Data items
***

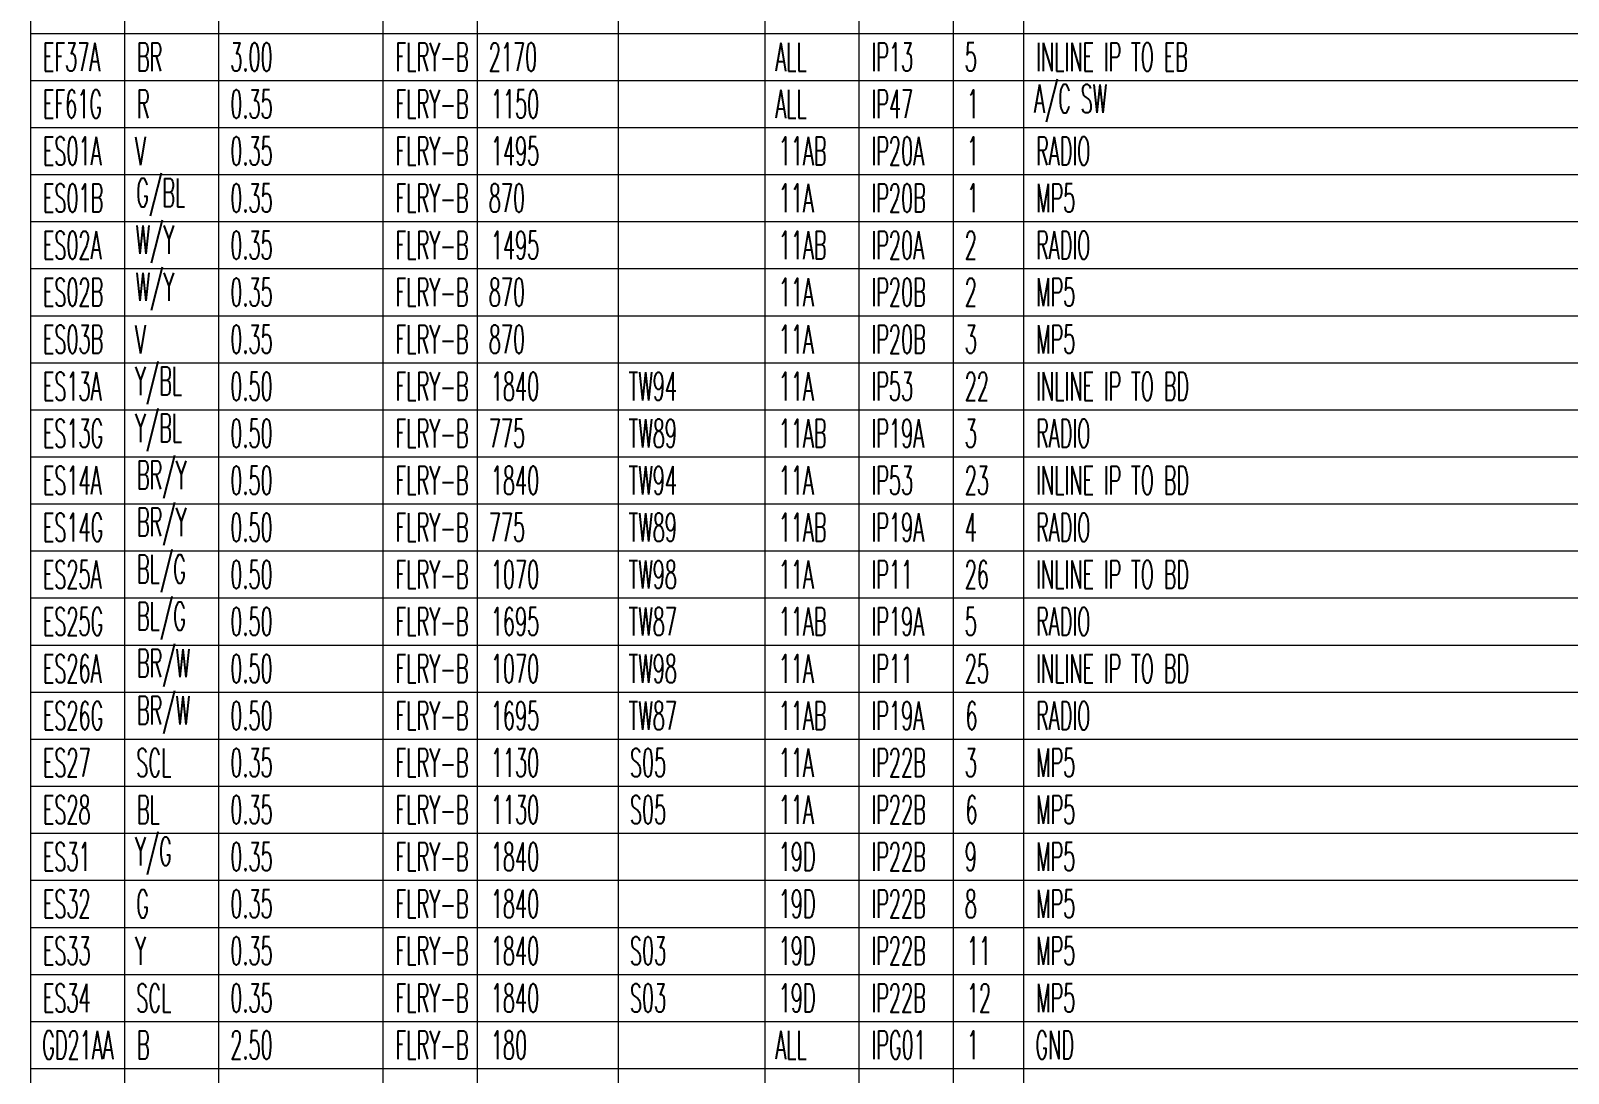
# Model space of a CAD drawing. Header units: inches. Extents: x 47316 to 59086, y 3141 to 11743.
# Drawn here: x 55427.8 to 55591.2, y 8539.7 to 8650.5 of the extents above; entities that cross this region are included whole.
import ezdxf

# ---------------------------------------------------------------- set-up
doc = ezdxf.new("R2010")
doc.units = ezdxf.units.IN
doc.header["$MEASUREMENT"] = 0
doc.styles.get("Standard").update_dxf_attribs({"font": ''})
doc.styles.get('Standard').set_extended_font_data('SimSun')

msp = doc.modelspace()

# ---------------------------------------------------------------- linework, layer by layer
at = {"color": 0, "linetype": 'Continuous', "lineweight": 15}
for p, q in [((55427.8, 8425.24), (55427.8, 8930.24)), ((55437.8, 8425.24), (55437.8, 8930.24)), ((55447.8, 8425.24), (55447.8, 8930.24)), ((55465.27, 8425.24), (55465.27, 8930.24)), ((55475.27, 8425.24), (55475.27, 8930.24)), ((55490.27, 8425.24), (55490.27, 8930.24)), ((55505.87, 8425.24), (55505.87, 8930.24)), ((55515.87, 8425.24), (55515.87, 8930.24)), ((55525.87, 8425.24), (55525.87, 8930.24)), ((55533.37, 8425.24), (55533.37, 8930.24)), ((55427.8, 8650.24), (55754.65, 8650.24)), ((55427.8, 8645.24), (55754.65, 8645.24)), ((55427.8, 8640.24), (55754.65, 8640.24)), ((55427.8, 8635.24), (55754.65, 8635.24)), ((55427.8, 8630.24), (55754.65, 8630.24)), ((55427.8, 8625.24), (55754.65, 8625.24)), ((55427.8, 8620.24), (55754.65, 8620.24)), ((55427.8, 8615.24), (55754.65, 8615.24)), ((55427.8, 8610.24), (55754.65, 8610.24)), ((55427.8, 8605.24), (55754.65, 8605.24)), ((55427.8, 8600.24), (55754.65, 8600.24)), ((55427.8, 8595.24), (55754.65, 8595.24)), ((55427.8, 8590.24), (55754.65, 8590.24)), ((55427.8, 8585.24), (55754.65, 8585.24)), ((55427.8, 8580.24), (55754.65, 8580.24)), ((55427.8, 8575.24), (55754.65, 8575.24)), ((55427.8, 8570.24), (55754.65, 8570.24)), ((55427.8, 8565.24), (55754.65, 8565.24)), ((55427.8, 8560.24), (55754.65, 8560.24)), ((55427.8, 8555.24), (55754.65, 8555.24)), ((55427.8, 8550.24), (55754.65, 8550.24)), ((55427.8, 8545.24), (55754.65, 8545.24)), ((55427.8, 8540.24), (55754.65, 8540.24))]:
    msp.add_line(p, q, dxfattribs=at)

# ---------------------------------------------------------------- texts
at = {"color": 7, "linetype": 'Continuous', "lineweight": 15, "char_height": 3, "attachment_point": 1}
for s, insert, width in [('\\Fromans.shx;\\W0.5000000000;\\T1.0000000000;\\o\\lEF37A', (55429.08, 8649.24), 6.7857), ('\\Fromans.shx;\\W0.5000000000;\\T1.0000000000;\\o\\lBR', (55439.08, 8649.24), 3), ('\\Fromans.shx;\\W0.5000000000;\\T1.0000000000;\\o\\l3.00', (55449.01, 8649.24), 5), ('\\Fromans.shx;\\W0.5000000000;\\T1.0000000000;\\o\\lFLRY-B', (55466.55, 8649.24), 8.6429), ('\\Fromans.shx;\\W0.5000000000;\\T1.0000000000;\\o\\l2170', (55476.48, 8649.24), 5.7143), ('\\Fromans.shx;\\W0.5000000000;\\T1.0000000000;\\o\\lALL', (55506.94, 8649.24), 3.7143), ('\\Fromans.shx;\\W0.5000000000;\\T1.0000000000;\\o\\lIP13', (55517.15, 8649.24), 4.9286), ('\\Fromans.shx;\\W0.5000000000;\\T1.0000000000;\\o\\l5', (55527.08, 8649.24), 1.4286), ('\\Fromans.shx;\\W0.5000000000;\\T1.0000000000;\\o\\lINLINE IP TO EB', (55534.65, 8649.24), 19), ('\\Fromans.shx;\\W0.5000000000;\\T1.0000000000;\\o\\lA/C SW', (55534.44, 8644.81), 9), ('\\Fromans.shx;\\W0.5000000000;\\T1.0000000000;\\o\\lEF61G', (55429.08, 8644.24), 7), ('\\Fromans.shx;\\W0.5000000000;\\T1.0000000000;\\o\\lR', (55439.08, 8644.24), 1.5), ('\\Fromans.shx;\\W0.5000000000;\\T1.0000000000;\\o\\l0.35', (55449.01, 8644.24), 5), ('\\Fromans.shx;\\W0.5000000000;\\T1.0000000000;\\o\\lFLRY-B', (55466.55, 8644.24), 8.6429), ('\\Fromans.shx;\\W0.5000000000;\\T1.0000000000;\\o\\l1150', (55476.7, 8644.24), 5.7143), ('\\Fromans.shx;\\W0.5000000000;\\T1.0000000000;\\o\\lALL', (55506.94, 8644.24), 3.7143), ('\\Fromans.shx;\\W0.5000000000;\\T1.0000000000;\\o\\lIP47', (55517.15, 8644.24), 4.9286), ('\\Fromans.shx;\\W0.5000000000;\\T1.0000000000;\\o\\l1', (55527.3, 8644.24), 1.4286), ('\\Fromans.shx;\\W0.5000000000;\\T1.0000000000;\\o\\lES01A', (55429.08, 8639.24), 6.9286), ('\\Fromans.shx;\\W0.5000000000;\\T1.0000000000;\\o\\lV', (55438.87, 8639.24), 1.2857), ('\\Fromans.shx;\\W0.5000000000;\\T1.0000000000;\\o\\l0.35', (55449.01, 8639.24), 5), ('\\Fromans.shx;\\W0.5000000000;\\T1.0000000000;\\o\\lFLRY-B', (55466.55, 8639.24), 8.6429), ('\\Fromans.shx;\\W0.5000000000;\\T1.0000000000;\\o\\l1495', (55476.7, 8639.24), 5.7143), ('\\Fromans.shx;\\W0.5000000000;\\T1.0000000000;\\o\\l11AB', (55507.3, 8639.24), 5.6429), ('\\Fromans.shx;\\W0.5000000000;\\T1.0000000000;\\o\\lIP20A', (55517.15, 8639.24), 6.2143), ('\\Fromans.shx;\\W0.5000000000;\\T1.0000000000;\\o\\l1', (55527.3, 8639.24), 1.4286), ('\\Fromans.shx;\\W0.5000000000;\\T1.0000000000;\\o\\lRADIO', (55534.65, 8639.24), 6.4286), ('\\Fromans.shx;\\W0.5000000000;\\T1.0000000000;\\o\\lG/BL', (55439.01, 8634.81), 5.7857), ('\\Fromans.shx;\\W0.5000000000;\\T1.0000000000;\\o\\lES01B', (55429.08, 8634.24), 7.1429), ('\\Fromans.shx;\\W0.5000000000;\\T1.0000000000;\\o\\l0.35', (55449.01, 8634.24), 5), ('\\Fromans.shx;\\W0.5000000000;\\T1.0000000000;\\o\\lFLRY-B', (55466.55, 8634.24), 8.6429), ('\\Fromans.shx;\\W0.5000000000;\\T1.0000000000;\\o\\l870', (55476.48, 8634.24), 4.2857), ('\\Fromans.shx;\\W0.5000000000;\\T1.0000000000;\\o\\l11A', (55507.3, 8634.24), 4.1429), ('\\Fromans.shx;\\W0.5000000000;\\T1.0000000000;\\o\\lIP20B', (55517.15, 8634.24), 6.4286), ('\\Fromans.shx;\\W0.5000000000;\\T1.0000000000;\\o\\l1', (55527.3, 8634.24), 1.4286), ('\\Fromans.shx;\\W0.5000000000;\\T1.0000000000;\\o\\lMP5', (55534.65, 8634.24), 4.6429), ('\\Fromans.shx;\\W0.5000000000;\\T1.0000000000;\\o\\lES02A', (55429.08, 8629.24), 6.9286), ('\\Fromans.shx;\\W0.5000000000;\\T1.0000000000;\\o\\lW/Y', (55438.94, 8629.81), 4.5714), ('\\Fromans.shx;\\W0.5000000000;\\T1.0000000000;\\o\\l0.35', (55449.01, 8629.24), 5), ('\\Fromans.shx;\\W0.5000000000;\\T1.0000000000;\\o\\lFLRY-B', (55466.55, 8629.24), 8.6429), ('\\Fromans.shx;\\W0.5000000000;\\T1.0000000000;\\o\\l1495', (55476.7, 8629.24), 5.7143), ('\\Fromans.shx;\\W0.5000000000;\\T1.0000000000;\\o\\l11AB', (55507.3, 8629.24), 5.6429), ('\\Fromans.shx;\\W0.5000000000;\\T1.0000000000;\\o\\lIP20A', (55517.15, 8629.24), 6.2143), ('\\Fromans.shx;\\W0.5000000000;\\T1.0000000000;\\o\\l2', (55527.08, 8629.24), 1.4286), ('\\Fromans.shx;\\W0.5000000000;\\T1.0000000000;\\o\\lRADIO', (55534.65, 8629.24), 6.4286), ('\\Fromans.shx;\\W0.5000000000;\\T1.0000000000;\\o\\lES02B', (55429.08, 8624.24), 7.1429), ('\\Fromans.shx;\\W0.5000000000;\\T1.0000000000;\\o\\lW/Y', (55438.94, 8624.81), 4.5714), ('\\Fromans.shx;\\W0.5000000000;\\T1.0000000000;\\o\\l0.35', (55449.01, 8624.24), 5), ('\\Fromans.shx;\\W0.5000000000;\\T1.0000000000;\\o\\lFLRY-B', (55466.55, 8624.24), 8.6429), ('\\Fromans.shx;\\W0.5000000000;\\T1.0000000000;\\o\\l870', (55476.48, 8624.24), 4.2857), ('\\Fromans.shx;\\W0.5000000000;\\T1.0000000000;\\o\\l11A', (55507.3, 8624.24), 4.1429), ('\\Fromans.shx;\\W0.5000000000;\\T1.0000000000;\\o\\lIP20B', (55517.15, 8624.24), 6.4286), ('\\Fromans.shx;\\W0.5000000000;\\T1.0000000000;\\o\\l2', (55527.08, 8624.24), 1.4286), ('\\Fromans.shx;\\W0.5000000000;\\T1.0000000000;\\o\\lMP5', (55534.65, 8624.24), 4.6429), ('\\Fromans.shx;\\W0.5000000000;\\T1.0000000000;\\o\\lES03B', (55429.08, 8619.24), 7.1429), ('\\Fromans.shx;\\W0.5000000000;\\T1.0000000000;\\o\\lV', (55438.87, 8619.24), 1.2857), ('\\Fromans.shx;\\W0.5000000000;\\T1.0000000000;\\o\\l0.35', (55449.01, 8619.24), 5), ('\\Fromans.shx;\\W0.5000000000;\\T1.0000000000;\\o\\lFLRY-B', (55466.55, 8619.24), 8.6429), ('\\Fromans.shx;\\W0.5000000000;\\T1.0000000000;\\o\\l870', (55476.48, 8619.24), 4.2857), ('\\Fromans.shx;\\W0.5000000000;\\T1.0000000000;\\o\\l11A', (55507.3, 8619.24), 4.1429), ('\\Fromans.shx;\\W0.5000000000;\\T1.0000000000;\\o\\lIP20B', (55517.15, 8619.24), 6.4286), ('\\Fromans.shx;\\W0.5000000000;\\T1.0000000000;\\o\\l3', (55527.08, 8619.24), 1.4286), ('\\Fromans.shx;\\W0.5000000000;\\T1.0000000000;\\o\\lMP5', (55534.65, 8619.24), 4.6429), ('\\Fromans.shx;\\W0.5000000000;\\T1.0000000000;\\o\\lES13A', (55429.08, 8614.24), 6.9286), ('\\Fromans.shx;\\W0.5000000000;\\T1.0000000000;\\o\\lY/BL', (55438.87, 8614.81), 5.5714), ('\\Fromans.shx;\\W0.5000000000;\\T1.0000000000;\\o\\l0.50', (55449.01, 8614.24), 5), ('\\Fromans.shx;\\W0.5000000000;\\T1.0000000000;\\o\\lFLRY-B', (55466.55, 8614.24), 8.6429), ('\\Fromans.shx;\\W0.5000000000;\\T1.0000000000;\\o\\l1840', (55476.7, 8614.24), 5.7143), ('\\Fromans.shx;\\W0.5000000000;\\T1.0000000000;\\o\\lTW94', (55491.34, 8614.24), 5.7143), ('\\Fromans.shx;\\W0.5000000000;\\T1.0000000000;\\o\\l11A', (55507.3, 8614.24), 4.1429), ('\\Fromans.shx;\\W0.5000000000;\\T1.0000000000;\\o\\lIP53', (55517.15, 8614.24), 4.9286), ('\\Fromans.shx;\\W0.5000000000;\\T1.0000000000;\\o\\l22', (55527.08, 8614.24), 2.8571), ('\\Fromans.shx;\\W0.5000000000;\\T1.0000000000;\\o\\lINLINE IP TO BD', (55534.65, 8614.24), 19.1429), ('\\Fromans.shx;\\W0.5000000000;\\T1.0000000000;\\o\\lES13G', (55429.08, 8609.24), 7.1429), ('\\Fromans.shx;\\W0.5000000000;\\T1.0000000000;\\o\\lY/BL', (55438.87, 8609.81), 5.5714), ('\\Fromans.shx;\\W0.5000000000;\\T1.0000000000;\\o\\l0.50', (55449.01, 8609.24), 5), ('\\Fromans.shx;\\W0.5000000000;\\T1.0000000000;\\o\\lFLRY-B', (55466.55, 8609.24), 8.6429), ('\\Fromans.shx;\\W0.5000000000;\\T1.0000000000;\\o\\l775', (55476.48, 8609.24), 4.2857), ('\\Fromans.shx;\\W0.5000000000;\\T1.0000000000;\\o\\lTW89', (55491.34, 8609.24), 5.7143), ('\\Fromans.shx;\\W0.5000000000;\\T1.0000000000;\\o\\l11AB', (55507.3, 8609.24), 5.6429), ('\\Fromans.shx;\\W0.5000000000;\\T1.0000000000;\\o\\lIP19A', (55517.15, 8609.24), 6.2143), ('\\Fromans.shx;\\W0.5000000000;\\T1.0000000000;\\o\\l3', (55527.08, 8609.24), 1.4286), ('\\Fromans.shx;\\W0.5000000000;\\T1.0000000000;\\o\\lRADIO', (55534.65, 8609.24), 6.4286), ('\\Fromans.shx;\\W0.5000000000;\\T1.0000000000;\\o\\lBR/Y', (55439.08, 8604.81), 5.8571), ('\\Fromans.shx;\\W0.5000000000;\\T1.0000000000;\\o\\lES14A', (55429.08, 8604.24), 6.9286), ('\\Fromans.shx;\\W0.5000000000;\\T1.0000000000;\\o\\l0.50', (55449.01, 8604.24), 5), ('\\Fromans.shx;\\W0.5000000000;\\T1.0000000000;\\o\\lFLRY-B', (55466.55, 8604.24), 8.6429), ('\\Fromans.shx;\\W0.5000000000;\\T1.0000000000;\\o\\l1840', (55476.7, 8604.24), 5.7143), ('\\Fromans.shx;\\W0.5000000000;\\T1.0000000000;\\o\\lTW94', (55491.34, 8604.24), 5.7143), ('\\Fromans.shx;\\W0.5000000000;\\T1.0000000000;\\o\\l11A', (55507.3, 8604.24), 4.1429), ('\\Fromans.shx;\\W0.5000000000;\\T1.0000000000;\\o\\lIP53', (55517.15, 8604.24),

***

About this exercise
Repeat verbatim the lines between the start of the data and the line containing "import ezdxf", both ends included, omitting all pictures.

Completed exercise
# Model space of a CAD drawing. Header units: inches. Extents: x 47316 to 59086, y 3141 to 11743.
# Drawn here: x 55427.8 to 55591.2, y 8539.7 to 8650.5 of the extents above; entities that cross this region are included whole.
import ezdxf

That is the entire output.